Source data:
+ + + +

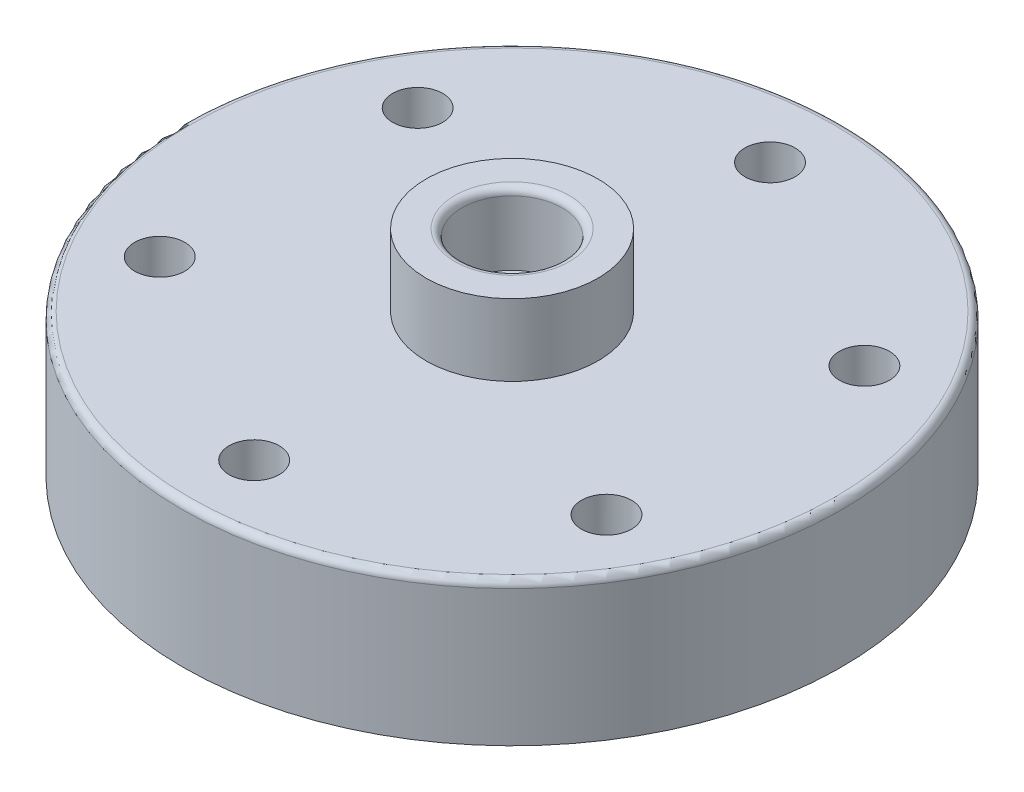
from build123d import *

# Parameters (mm, degrees)
SKETCH1_R           = 46
SKETCH1_R_2         = 3.5
BOSS_EXTRUDE1_DEPTH = 20
FILLET1_R           = 1
SKETCH2_R           = 12
BOSS_EXTRUDE2_DEPTH = 10
SKETCH3_R           = 33
CUT_EXTRUDE1_DEPTH  = 14
SKETCH4_R           = 2.5
CUT_EXTRUDE2_DEPTH  = 6
SKETCH5_R           = 7
CUT_EXTRUDE3_DEPTH  = 10
FILLET2_R           = 1
SKETCH6_R           = 4
CUT_EXTRUDE4_DEPTH  = 54


with BuildPart() as part:
    # Sketch1 → Boss-Extrude1 (new body)
    with BuildSketch(Plane(origin=(0, 0, 0), x_dir=(1, 0, 0), z_dir=(0, 1, 0))):
        with Locations(Location((0, 0, 0), (0, 0, 270))):
            Circle(SKETCH1_R)
        with Locations(Location((0, 36, 0), (0, 0, 270))):
            Circle(SKETCH1_R_2, mode=Mode.SUBTRACT)
        with Locations(Location((31.176914536, 18, 0), (0, 0, 270))):
            Circle(SKETCH1_R_2, mode=Mode.SUBTRACT)
        with Locations(Location((31.176914536, -18, 0), (0, 0, 270))):
            Circle(SKETCH1_R_2, mode=Mode.SUBTRACT)
        with Locations(Location((0, -36, 0), (0, 0, 270))):
            Circle(SKETCH1_R_2, mode=Mode.SUBTRACT)
        with Locations(Location((-31.176914536, -18, 0), (0, 0, 270))):
            Circle(SKETCH1_R_2, mode=Mode.SUBTRACT)
        with Locations(Location((-31.176914536, 18, 0), (0, 0, 270))):
            Circle(SKETCH1_R_2, mode=Mode.SUBTRACT)
    extrude(amount=BOSS_EXTRUDE1_DEPTH)

    # Fillet1
    fillet1_edges = [part.edges().sort_by_distance(p)[0] for p in [
        (0, 20, -46),
    ]]
    fillet(fillet1_edges, radius=FILLET1_R)

    # Sketch2 → Boss-Extrude2 (add)
    with BuildSketch(Plane(origin=(0, 20, 0), x_dir=(1, 0, 0), z_dir=(0, 1, 0))):
        with Locations(Location((0, 0, 0), (0, 0, 270))):
            Circle(SKETCH2_R)
    extrude(amount=BOSS_EXTRUDE2_DEPTH)

    # Sketch3 → Cut-Extrude1 (cut)
    with BuildSketch(Plane.XZ):
        Circle(SKETCH3_R)
    extrude(amount=-CUT_EXTRUDE1_DEPTH, mode=Mode.SUBTRACT)

    # Sketch4 → Cut-Extrude2 (cut)
    with BuildSketch(Plane.XZ.offset(-14)):
        with Locations(Location((0, 0, 0), (0, 0, 270))):
            Circle(SKETCH4_R)
    extrude(amount=-CUT_EXTRUDE2_DEPTH, mode=Mode.SUBTRACT)

    # Sketch5 → Cut-Extrude3 (cut)
    with BuildSketch(Plane(origin=(0, 30, 0), x_dir=(1, 0, 0), z_dir=(0, 1, 0))):
        with Locations(Location((0, 0, 0), (0, 0, 270))):
            Circle(SKETCH5_R)
    extrude(amount=-CUT_EXTRUDE3_DEPTH, mode=Mode.SUBTRACT)

    # Fillet2
    fillet2_edges = [part.edges().sort_by_distance(p)[0] for p in [
        (0, 30, -7),
    ]]
    fillet(fillet2_edges, radius=FILLET2_R)

    # Sketch6 → Cut-Extrude4 (cut)
    with BuildSketch(Plane(origin=(0, 0, 0), x_dir=(0, 0, -1), z_dir=(1, 0, 0))):
        with Locations((0, 8)):
            Circle(SKETCH6_R)
    extrude(amount=-CUT_EXTRUDE4_DEPTH, mode=Mode.SUBTRACT)


solid = part.part

+ + + +

Each entry is to be transcribed verbatim, and any picture in it is to be skipped.

[Answer to the exercise]:
from build123d import *

# Parameters (mm, degrees)
SKETCH1_R           = 46
SKETCH1_R_2         = 3.5
BOSS_EXTRUDE1_DEPTH = 20
FILLET1_R           = 1
SKETCH2_R           = 12
BOSS_EXTRUDE2_DEPTH = 10
SKETCH3_R           = 33
CUT_EXTRUDE1_DEPTH  = 14
SKETCH4_R           = 2.5
CUT_EXTRUDE2_DEPTH  = 6
SKETCH5_R           = 7
CUT_EXTRUDE3_DEPTH  = 10
FILLET2_R           = 1
SKETCH6_R           = 4
CUT_EXTRUDE4_DEPTH  = 54


with BuildPart() as part:
    # Sketch1 → Boss-Extrude1 (new body)
    with BuildSketch(Plane(origin=(0, 0, 0), x_dir=(1, 0, 0), z_dir=(0, 1, 0))):
        with Locations(Location((0, 0, 0), (0, 0, 270))):
            Circle(SKETCH1_R)
        with Locations(Location((0, 36, 0), (0, 0, 270))):
            Circle(SKETCH1_R_2, mode=Mode.SUBTRACT)
        with Locations(Location((31.176914536, 18, 0), (0, 0, 270))):
            Circle(SKETCH1_R_2, mode=Mode.SUBTRACT)
        with Locations(Location((31.176914536, -18, 0), (0, 0, 270))):
            Circle(SKETCH1_R_2, mode=Mode.SUBTRACT)
        with Locations(Location((0, -36, 0), (0, 0, 270))):
            Circle(SKETCH1_R_2, mode=Mode.SUBTRACT)
        with Locations(Location((-31.176914536, -18, 0), (0, 0, 270))):
            Circle(SKETCH1_R_2, mode=Mode.SUBTRACT)
        with Locations(Location((-31.176914536, 18, 0), (0, 0, 270))):
            Circle(SKETCH1_R_2, mode=Mode.SUBTRACT)
    extrude(amount=BOSS_EXTRUDE1_DEPTH)

    # Fillet1
    fillet1_edges = [part.edges().sort_by_distance(p)[0] for p in [
        (0, 20, -46),
    ]]
    fillet(fillet1_edges, radius=FILLET1_R)

    # Sketch2 → Boss-Extrude2 (add)
    with BuildSketch(Plane(origin=(0, 20, 0), x_dir=(1, 0, 0), z_dir=(0, 1, 0))):
        with Locations(Location((0, 0, 0), (0, 0, 270))):
            Circle(SKETCH2_R)
    extrude(amount=BOSS_EXTRUDE2_DEPTH)

    # Sketch3 → Cut-Extrude1 (cut)
    with BuildSketch(Plane.XZ):
        Circle(SKETCH3_R)
    extrude(amount=-CUT_EXTRUDE1_DEPTH, mode=Mode.SUBTRACT)

    # Sketch4 → Cut-Extrude2 (cut)
    with BuildSketch(Plane.XZ.offset(-14)):
        with Locations(Location((0, 0, 0), (0, 0, 270))):
            Circle(SKETCH4_R)
    extrude(amount=-CUT_EXTRUDE2_DEPTH, mode=Mode.SUBTRACT)

    # Sketch5 → Cut-Extrude3 (cut)
    with BuildSketch(Plane(origin=(0, 30, 0), x_dir=(1, 0, 0), z_dir=(0, 1, 0))):
        with Locations(Location((0, 0, 0), (0, 0, 270))):
            Circle(SKETCH5_R)
    extrude(amount=-CUT_EXTRUDE3_DEPTH, mode=Mode.SUBTRACT)

    # Fillet2
    fillet2_edges = [part.edges().sort_by_distance(p)[0] for p in [
        (0, 30, -7),
    ]]
    fillet(fillet2_edges, radius=FILLET2_R)

    # Sketch6 → Cut-Extrude4 (cut)
    with BuildSketch(Plane(origin=(0, 0, 0), x_dir=(0, 0, -1), z_dir=(1, 0, 0))):
        with Locations((0, 8)):
            Circle(SKETCH6_R)
    extrude(amount=-CUT_EXTRUDE4_DEPTH, mode=Mode.SUBTRACT)


solid = part.part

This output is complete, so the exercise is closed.